In such situations, additional diagnostics using medication will be required. The conclusion about the deterioration of the ventilation conductivity of the lungs is initially based on the indicators of FEV1 and MVL, but when determining the type of ventilation pathologies, the combination of the indicators FEV1, MVL and VC occupies a dominant place.

Research methodology

To take a spirogram, the patient must be seated as comfortably as possible. His clothing should not compress the chest and interfere with free breathing. The seat on which the subject sits and the oral tube are installed in accordance with his height, so that he does not have to bend over or stretch his neck upward. You also need to control the position of your torso when exhaling - do not let your body lean forward.


When performing spirography, it is necessary to sit the patient so that it is comfortable for him to perform breathing tests

The test analyzes oral airflow measurements and requires the patient to use a nose clip and hold the mouthpiece tightly to prevent air leakage. If the subject has dentures installed, they cannot be removed, as this will disrupt the quality fixation of the mouthpiece.

First, several primary tests are carried out - measuring tidal volume (TI), which is calculated based on the average of six or more respiratory cycles at rest. Then, in a calm state, the respiratory rate (RR) is determined. The product of these values ​​will give the minute volume of breathing. A new type of spirograph, equipped with software, automatically provides all calculations.

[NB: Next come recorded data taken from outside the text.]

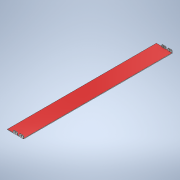
# Autodesk Inventor part: Caja - Pared
Saved by Autodesk Inventor 2021 (Build 250183000, 183)
## iProperties
Created: 2022-01-23
Part Number: Caja - Pared
Material: Generic
Document SubType Name: Modeling
Designer: deuts
Density: 1 g/cm^3
Appearance: Default
Author: deuts
Autodesk Inventor part; units mm, degrees
ref_plane "XZ Plane" through (0, 0, 0) normal (0, 1, 0) x (-1, 0, 0)
ref_plane "XY Plane" through (0, 0, 0) normal (0, 0, 1) x (1, 0, 0)
sketch "Sketch1" plane through (0, 0, 0) normal (0, 1, 0) x (-1, 0, 0)
  line L0 (24, 221.2) -> (24, -221.2)
  line L1 (-24, -220.2) -> (-24, 220.2)
  arc A0 (-23, 221.2) -> (-24, 220.2) centre (-23, 220.2) ccw
  arc A1 (-24, -220.2) -> (-23, -221.2) centre (-23, -220.2) ccw
  line L2 (0, 0) -> (-12.5, 0)
  line L3 (-23, 221.2) -> (24, 221.2)
  line L4 (-23, -221.2) -> (24, -221.2)
  point P0 (-24, -221.2)
  dimension "d0" = 442.4
  dimension "d1" = 48
  dimension "d2" = 1
  dimension "d3" = 1
  dimension "d58" = 221.2
  constraints: 10 end point, 4 point on circle, 3 horizontal, 2 centre point, 2 tangent, 1 parallel, 1 point on line
  measures "d0" distance of L0.start L0.end
  measures "d1" distance of L0.end point (-24, -221.2)
  measures "d2" radius of A0
  measures "d3" radius of A1
  measures "d58" distance from line of L4 L2.start
extrude "Extrusion1" add sketch "Sketch1" along normal blind 1.6
ref_plane "Work Plane1" through (7.995, 0, 0) normal (1, 0, 0) x (0, 1, 0)
sketch "Sketch4" plane through (0, 1.6, 0) normal (0, 1, 0) x (1, 0, 0)
  line L0 (-24, -221.2) -> (23, -221.2) projected
  line L1 (23, -221.2) -> (15, -221.2)
  line L2 (11, -219.6) -> (23, -219.6)
  line L3 (23, -219.6) -> (23, -221.2)
  line L4 (23, -221.2) -> (11, -221.2)
  line L5 (11, -221.2) -> (11, -219.6)
  line L6 (23, -221.2) -> (22, -221.2)
  line L7 (24, -220.2) -> (24, 220.2) projected
  point P0 (0, 0)
  dimension "d46" = 8
  dimension "d48" = 12
  dimension "d57" = 1
  constraints: 12 end point, 2 parallel, 2 point on line, 1 horizontal, 1 perpendicular
  measures "d46" distance of L0.end L1.end
  measures "d48" distance of L3.end L4.end
  measures "d57" distance between parallel lines of L7 L3
extrude "Extrusion4" add sketch "Sketch4" along normal blind 6
sketch "Sketch5" plane through (-24, 0, 221.2) normal (0, 0, 1) x (1, 0, 0)
  line L0 (35, 1.6) -> (47, 1.6) projected
  line L1 (47, 1.6) -> (47, 7.6) projected
  line L2 (47, 7.6) -> (35, 7.6) projected
  line L3 (0, 1.6) -> (35, 1.6) projected
  circle A0 centre (40.9972, 4.6) radius 2
  line L4 (35, 1.6) -> (47, 7.6)
  line L5 (35, 7.6) -> (47, 1.6)
  point P0 (24, 0)
  dimension "d52" = 4
  constraints: 4 end point, 1 centre point
  measures "d52" diameter of A0
extrude "Extrusion5" cut sketch "Sketch5" against normal blind 6 contours L4 L5 A0 | A0 L5 L4 | L5 L4 A0 | A0 L4 L5
fillet "Fillet3" radius 2 2 edges at (23, 7.6, 220.4) (11, 7.6, 220.4)
mirror "Mirror5" about plane through (7.995, 0, 0) normal (1, 0, 0) of "Extrusion4", "Extrusion5", "Fillet3"
mirror "Mirror6" about plane through (0, 0, 0) normal (0, 0, 1) of "Extrusion4", "Extrusion5", "Fillet3", "Mirror5"
body "Solid1"
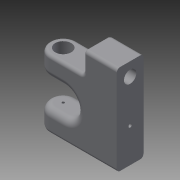
# Autodesk Inventor part: lickometer
Saved by Autodesk Inventor 2015 (Build 190159000, 159)
## iProperties
Created: 2015-08-17
Part Number: lickometer
Material: Generic
Document SubType Name: Modeling
Designer: Lapis
Density: 1 g/cm^3
Appearance: Default
Author: Lapis
Autodesk Inventor part; units mm, degrees
ref_plane "YZ Plane" through (0, 0, 0) normal (1, 0, 0) x (0, 1, 0)
ref_plane "XZ Plane" through (0, 0, 0) normal (0, 1, 0) x (-1, 0, 0)
ref_plane "XY Plane" through (0, 0, 0) normal (0, 0, 1) x (1, 0, 0)
sketch "Sketch1" plane through (0, 0, 0) normal (0, 0, 1) x (1, 0, 0)
  line L0 (0, 4) -> (20, 4)
  line L1 (20, 4) -> (20, -4)
  line L2 (20, -4) -> (0, -4)
  arc A0 (0, 4) -> (0, -4) centre (0, 0) ccw
  dimension "d0" = 20
  dimension "d1" = 8
  constraints: 6 end point, 2 perpendicular, 2 point on circle, 2 tangent, 1 centre point, 1 coincident, 1 horizontal
  measures "d0" distance of L0.start L0.end
  measures "d1" distance of L0.end L1.end
extrude "Extrusion1" add sketch "Sketch1" along normal mid plane 20.4
sketch "Sketch2" plane through (0, 0, 0) normal (0, 1, 0) x (-1, 0, 0)
  line L0 (4, -10.2) -> (4, 10.2) projected
  line L1 (4, 4) -> (-4, 4)
  line L2 (4, -4) -> (-4, -4)
  arc A0 (-4, 4) -> (-4, -4) centre (-4, 0) ccw
  point P0 (0, 0)
  dimension "d4" = 8
  dimension "d5" = 8
  constraints: 4 end point, 2 point on circle, 2 point on line, 2 tangent, 1 centre point, 1 horizontal, 1 horizontal alignment, 1 perpendicular
  measures "d4" distance between parallel lines of L2 L1
  measures "d5" distance of L2.start L2.end
extrude "Extrusion2" cut sketch "Sketch2" along normal through all both and the other way through all
sketch "Sketch3" plane through (0, 0, -10.2) normal (0, 0, -1) x (-1, 0, 0)
  circle A0 centre (0, 0) radius 2.4
  dimension "d8" = 4.8
  constraints: 1 centre point, 1 coincident
  measures "d8" diameter of A0
extrude "Extrusion3" cut sketch "Sketch3" against normal blind 4.1
sketch "Sketch4" plane through (0, 0, 0) normal (1, 0, 0) x (0, 1, 0)
  line L0 (-4, -4) -> (4, -4) projected
  line L1 (4, -4) -> (4, -10.2) projected
  line L2 (4, -10.2) -> (2.4, -10.2) projected
  line L3 (2.4, -10.2) -> (2.4, -6.1) projected
  line L4 (2.4, -6.1) -> (-2.4, -6.1) projected
  line L5 (-2.4, -6.1) -> (-2.4, -10.2) projected
  line L6 (-2.4, -10.2) -> (-4, -10.2) projected
  line L7 (-4, -10.2) -> (-4, -4) projected
  line L8 (4, 4) -> (-4, 4) projected
  line L9 (-4, 4) -> (-4, 10.2) projected
  line L10 (-4, 10.2) -> (4, 10.2) projected
  line L11 (4, 10.2) -> (4, 4) projected
  arc A0 (0, -4.4) -> (-2.4, -6.1) centre (0, -6.9441) ccw
  line L12 (0, -4.4) -> (0, -6.1)
  point P0 (0, 0)
  dimension "d11" = 1.7
  constraints: 2 end point, 2 point on circle, 2 vertical alignment, 1 centre point, 1 midpoint
  measures "d11" distance from line of L4 L12.start
revolve "Revolution1" cut sketch "Sketch4" angle 360 about axis through (0, 0, -4.4) along (0, 0, -1) contours A0 L12 L4
mirror "Mirror1" about plane through (0, 0, 0) normal (0, 0, 1) of "Revolution1", "Extrusion3"
sketch "Sketch5" plane through (0, 0, -10.2) normal (0, 0, -1) x (-1, 0, 0)
  point P0 (0, 0)
  point P1 (0, 0)
  constraints: 1 coincident
hole "Hole1" at (0, 0, -10.2) direction (0, 0, 1) diameter 0.75 end through all
sketch "Sketch6" plane through (20, -4, 10.2) normal (1, 0, 0) x (0, 0, -1)
  point P0 (10.2, 4)
  point P1 (10.2, 4)
  constraints: 1 coincident
hole "Hole2" at (20, 0, 0) direction (-1, 0, 0) diameter 1 end through all
sketch "Sketch9" plane through (20, -4, 10.2) normal (1, 0, 0) x (0, 0, -1)
  line L0 (-6.5, 8) -> (-6.5, 0)
  line L1 (-6.5, 0) -> (6.2, 0)
  line L2 (6.2, 0) -> (6.2, 8)
  line L3 (6.2, 8) -> (-6.5, 8)
  point P0 (10.2, 4)
  point P1 (-6.5, 4)
  point P2 (6.2, 4)
  dimension "d34" = 8
  dimension "d35" = 12.7
  dimension "d36" = 4
  constraints: 8 end point, 3 perpendicular, 2 horizontal alignment, 2 midpoint, 1 vertical
  measures "d34" distance of L0.start L0.end
  measures "d35" distance of L0.end L1.end
  measures "d36" distance from line of point (10.2, 4) L2
extrude "Extrusion6" add sketch "Sketch9" against normal blind 10
sketch "Sketch10" plane through (20, -4, -10.2) normal (1, 0, 0) x (0, 0, -1)
  point P0 (-10.2, 4)
  point P1 (-22.9, 4)
  dimension "d39" = 12.7
  constraints: 1 horizontal alignment
  measures "d39" distance of point (-10.2, 4) point (-22.9, 4)
hole "Hole3" at (20, 0, 12.7) direction (-1, 0, 0) diameter 3.7 end through all
fillet "Fillet1" radius 1 12 edges at (10, 4, -10.2) (10, -4, -10.2) (-4, 0, -10.2) (-4, 0, 10.2) (5, -4, 10.2) (5, 4, 10.2) (10, 4, 13.45) (10, -4, 13.45) (10, 0, 10.2) (15, 4, 16.7) (15, -4, 16.7) (10, 0, 16.7)
fillet "Fillet1" radius 2 8 edges at (2, 4, -4) (8, 4, 0) (2, 4, 4) (-4, 0, 4) (2, -4, 4) (8, -4, 0) (2, -4, -4) (-4, 0, -4)
body "Solid1"
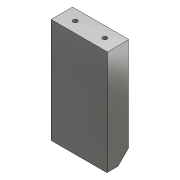
# Autodesk Inventor part: BC-10007
Saved by Autodesk Inventor 2016 (Build 200138000, 138)
## iProperties
Created: 2015-11-25
Part Number: BC-10007
Material: Aço Carbono AISI 1006
Document SubType Name: Modeling
Designer: reinaldo.basilio
Density: 7.87 g/cm^3
Appearance: Silver
Mass: 6238.06 g
Surface Area: 659.372 cm^2
Volume: 792.638 cm^3
Project: DIPOLO BC-3T- SIRIUS
Cost Center: 1504002005
Description: Peça frontal para fechar circuito  magnético.
Author: reinaldo.basilio
Subject: BC-10007
Title: DIPOLO BC-3T- SIRIUS
Autodesk Inventor part; units mm, degrees
ref_plane "YZ Plane" through (0, 0, 0) normal (1, 0, 0) x (0, 1, 0)
ref_plane "XZ Plane" through (0, 0, 0) normal (0, 1, 0) x (-1, 0, 0)
ref_plane "XY Plane" through (0, 0, 0) normal (0, 0, 1) x (1, 0, 0)
sketch "Sketch1" plane through (0, 0, 0) normal (0, 1, 0) x (-1, 0, 0)
  line L0 (52.5, 97.5) -> (-52.5, 97.5)
  line L1 (-52.5, 97.5) -> (-52.5, -97.5)
  line L2 (-52.5, -97.5) -> (52.5, -97.5)
  line L3 (52.5, -97.5) -> (52.5, 97.5)
  point P0 (0, 0)
  point P1 (0, -97.5)
  point P2 (-52.5, 0)
  dimension "d0" = 105
  dimension "d1" = 195
  constraints: 8 end point, 2 midpoint, 2 parallel, 1 horizontal, 1 horizontal alignment, 1 perpendicular, 1 vertical alignment
  measures "d0" distance of L1.end L2.end
  measures "d1" distance of L2.end L0.start
extrude "Extrusion1" add sketch "Sketch1" along normal blind 40
sketch "Sketch2" plane through (-52.5, 0, 97.5) normal (0, 0, 1) x (1, 0, 0)
  line L0 (0, 40) -> (105, 40)
  circle A0 centre (80, 20) radius 5
  circle A1 centre (25, 20) radius 5
  line L1 (105, 0) -> (105, 40) projected
  line L2 (0, 0) -> (105, 0) projected
  line L3 (52.5, 0) -> (52.5, -9.2371) construction
  point P0 (105, 20)
  dimension "d6" = 55
  dimension "d19" = 10
  dimension "d44" = 27.5
  constraints: 4 end point, 2 centre point, 2 horizontal alignment, 2 midpoint, 1 equal radius, 1 perpendicular
  measures "d6" distance of A1.centre A0.centre
  measures "d19" diameter of A0
  measures "d44" distance from line of L3 A0.centre
hole "Hole1" at (27.5, 20, 97.5) at (-27.5, 20, 97.5) direction (0, 0, -1) diameter 8.376 depth 20 tip angle 118 thread size "M10x1.5" class "6H" standard "ANSI Metric M Profile"
chamfer "Chamfer1" distance 20 angle 45 1 edges at (0, 40, -97.5)
sketch "Sketch3" plane through (52.5, 0, -97.5) normal (0, 0, -1) x (-1, 0, 0)
  line L0 (0, 20) -> (105, 20) projected
  line L1 (0, 0) -> (105, 0) projected
  circle A0 centre (25, 10) radius 4
  circle A1 centre (80, 10) radius 4
  point P0 (52.5, 0)
  dimension "d20" = 55
  dimension "d21" = 27.5
  dimension "d22" = 20
  dimension "d23" = 10
  dimension "d24" = 8
  constraints: 2 centre point, 1 equal radius, 1 horizontal alignment
  measures "d20" distance of A1.centre A0.centre
  measures "d21" horizontal distance of A0.centre point (52.5, 0)
  measures "d22" distance between parallel lines of L0 L1
  measures "d23" distance from line of A1.centre L1
  measures "d24" diameter of A0
hole "Hole2" at (27.5, 10, -97.5) at (-27.5, 10, -97.5) direction (0, 0, 1) diameter 4.917 depth 17.1 tip angle 118 thread size "M6x1" class "6H" standard "ISO Metric profile"
sketch "Sketch4" plane through (0, 40, 0) normal (0, 1, 0) x (1, 0, 0)
  circle A0 centre (-27.5, 40) radius 4
  circle A1 centre (27.5, 40) radius 4
  circle A2 centre (-27.5, -40) radius 4
  circle A3 centre (27.5, -40) radius 4
  line L0 (-52.5, -97.5) -> (52.5, -97.5) projected
  point P0 (0, 0)
  dimension "d32" = 8
  dimension "d33" = 55
  dimension "d34" = 27.5
  dimension "d35" = 80
  dimension "d46" = 57.5
  constraints: 4 centre point, 3 equal radius, 2 horizontal alignment, 2 vertical alignment
  measures "d32" diameter of A0
  measures "d33" distance of A1.centre A0.centre
  measures "d34" horizontal distance of point (0, 0) A0.centre
  measures "d35" distance of A2.centre A0.centre
  measures "d46" distance from line of L0 A2.centre
hole "Hole3" at (-27.5, 40, -40) at (27.5, 40, 40) at (-27.5, 40, 40) at (27.5, 40, -40) direction (0, -1, 0) diameter 6.647 depth 15 tip angle 118 thread size "M8x1.25" class "6H" standard "ISO Metric profile"
chamfer "Chamfer2" distance 1 angle 45 6 edges at (52.5, 40, 10) (-52.5, 40, 10) (-52.5, 30, -87.5) (52.5, 30, -87.5) (52.5, 10, -97.5) (-52.5, 10, -97.5)
equation "\"d44\" = 0.5 * d6"
equation "\"d21\" = 0.5 * d20"
equation "\"d23\" = 0.5 * d22"
equation "\"d34\" = 0.5 * d33"
body "Solid1"
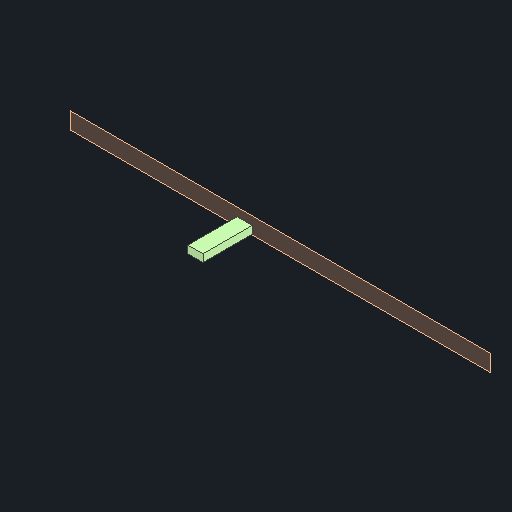
# Autodesk Inventor part: 2x4x13
Saved by Autodesk Inventor 2027 (Build 310192000, 192)
## iProperties
Created: 2026-08-07
Part Number: 2x4x13
Material: Generic
Document SubType Name: Modeling
Designer: lucas
Density: 1 g/cm^3
Appearance: Default
Author: lucas
Autodesk Inventor part; units mm, degrees
ref_plane "YZ Plane" through (0, 0, 0) normal (1, 0, 0) x (0, 1, 0)
ref_plane "XZ Plane" through (0, 0, 0) normal (0, 1, 0) x (-1, 0, 0)
ref_plane "XY Plane" through (0, 0, 0) normal (0, 0, 1) x (1, 0, 0)
ref_plane "Work Plane1" through (0, 0, 0) normal (0, 0, 1) x (1, 0, 0)
sketch "Sketch1" plane through (0, 0, 0) normal (0, 0, 1) x (1, 0, 0)
  line L0 (-190.5, 0) -> (-190.5, -50.8) projected
  line L1 (-291.8938, 0) -> (-190.5, 0) projected
  line L2 (-291.8938, -50.8) -> (-190.5, -50.8)
  line L3 (-291.8938, 0) -> (-291.8938, -50.8) projected
  line L4 (-190.5, 0) -> (-291.8938, 0)
  line L5 (-291.8938, 0) -> (-291.8938, -50.8)
  line L6 (-291.8938, -50.8) -> (-190.5, -50.8)
  line L7 (-190.5, -50.8) -> (-190.5, 0)
  point P0 (0, 0)
  constraints: 10 end point, 2 horizontal, 2 parallel, 1 perpendicular, 1 other
extrude "Extrusion1" add sketch "Sketch1" along normal blind 330.2
body "Solid1"

The spirograph processes information immediately during the study and produces a tape with recorded results. At the signal from the diagnostician, the examinee inhales as completely as possible, and then exhales as sharply and as long as possible. The exhalation time should take at least 6 seconds and the patient should maintain maximum effort throughout the exhalation until completion.

Often, individuals undergoing testing are unable to inhale and exhale properly the first time, so the test is carried out using several attempts under the control of a recorded curve. Then the subject needs to breathe with maximum depth and frequency for 12 seconds. In certain cases, in some patients, such tests can cause dizziness, “floaters” before the eyes or darkening and even fainting, but the latter conditions are diagnosed quite rarely.

Spirometric monitoring for respiratory diseases

Multi-day and repeated spirometric measurements (eg, morning and evening values ​​in children with asthma), the pattern of results can be important for identifying specific aspects of the child's disease.

Typical patterns are: the morning bear pattern in some asthmatics due to a drop in the early morning hours and a decrease in PEFR (peak expiratory flow) during the week, improving on weekends and holidays, as occurs in occupational asthma. Isolated reductions in PEFR due to specific allergens or triggers can help identify and quantify them. A downward trend in PEFR and an increase in its variability may indicate worsening asthma and can be used by the clinician or patient to change therapy. Monitoring of peak expiratory flow is especially useful for children with asthma, who cannot yet assess the severity of their condition, for subsequent assessment of response to treatment.

Spirometry with bronchodilator

One of the options for conducting FVD is a study with an inhalation test. This study is similar to regular spirometry, but the values ​​are measured after inhalation of a special aerosol drug containing a bronchodilator. A bronchodilator is a drug that dilates the bronchi. The study will show whether there is hidden bronchospasm, and will also help you choose the appropriate bronchodilators for treatment.

As a rule, the study takes no more than 20 minutes. The doctor will tell you what and how to do during the procedure. Spirometry with a bronchodilator is also completely harmless and does not cause any discomfort.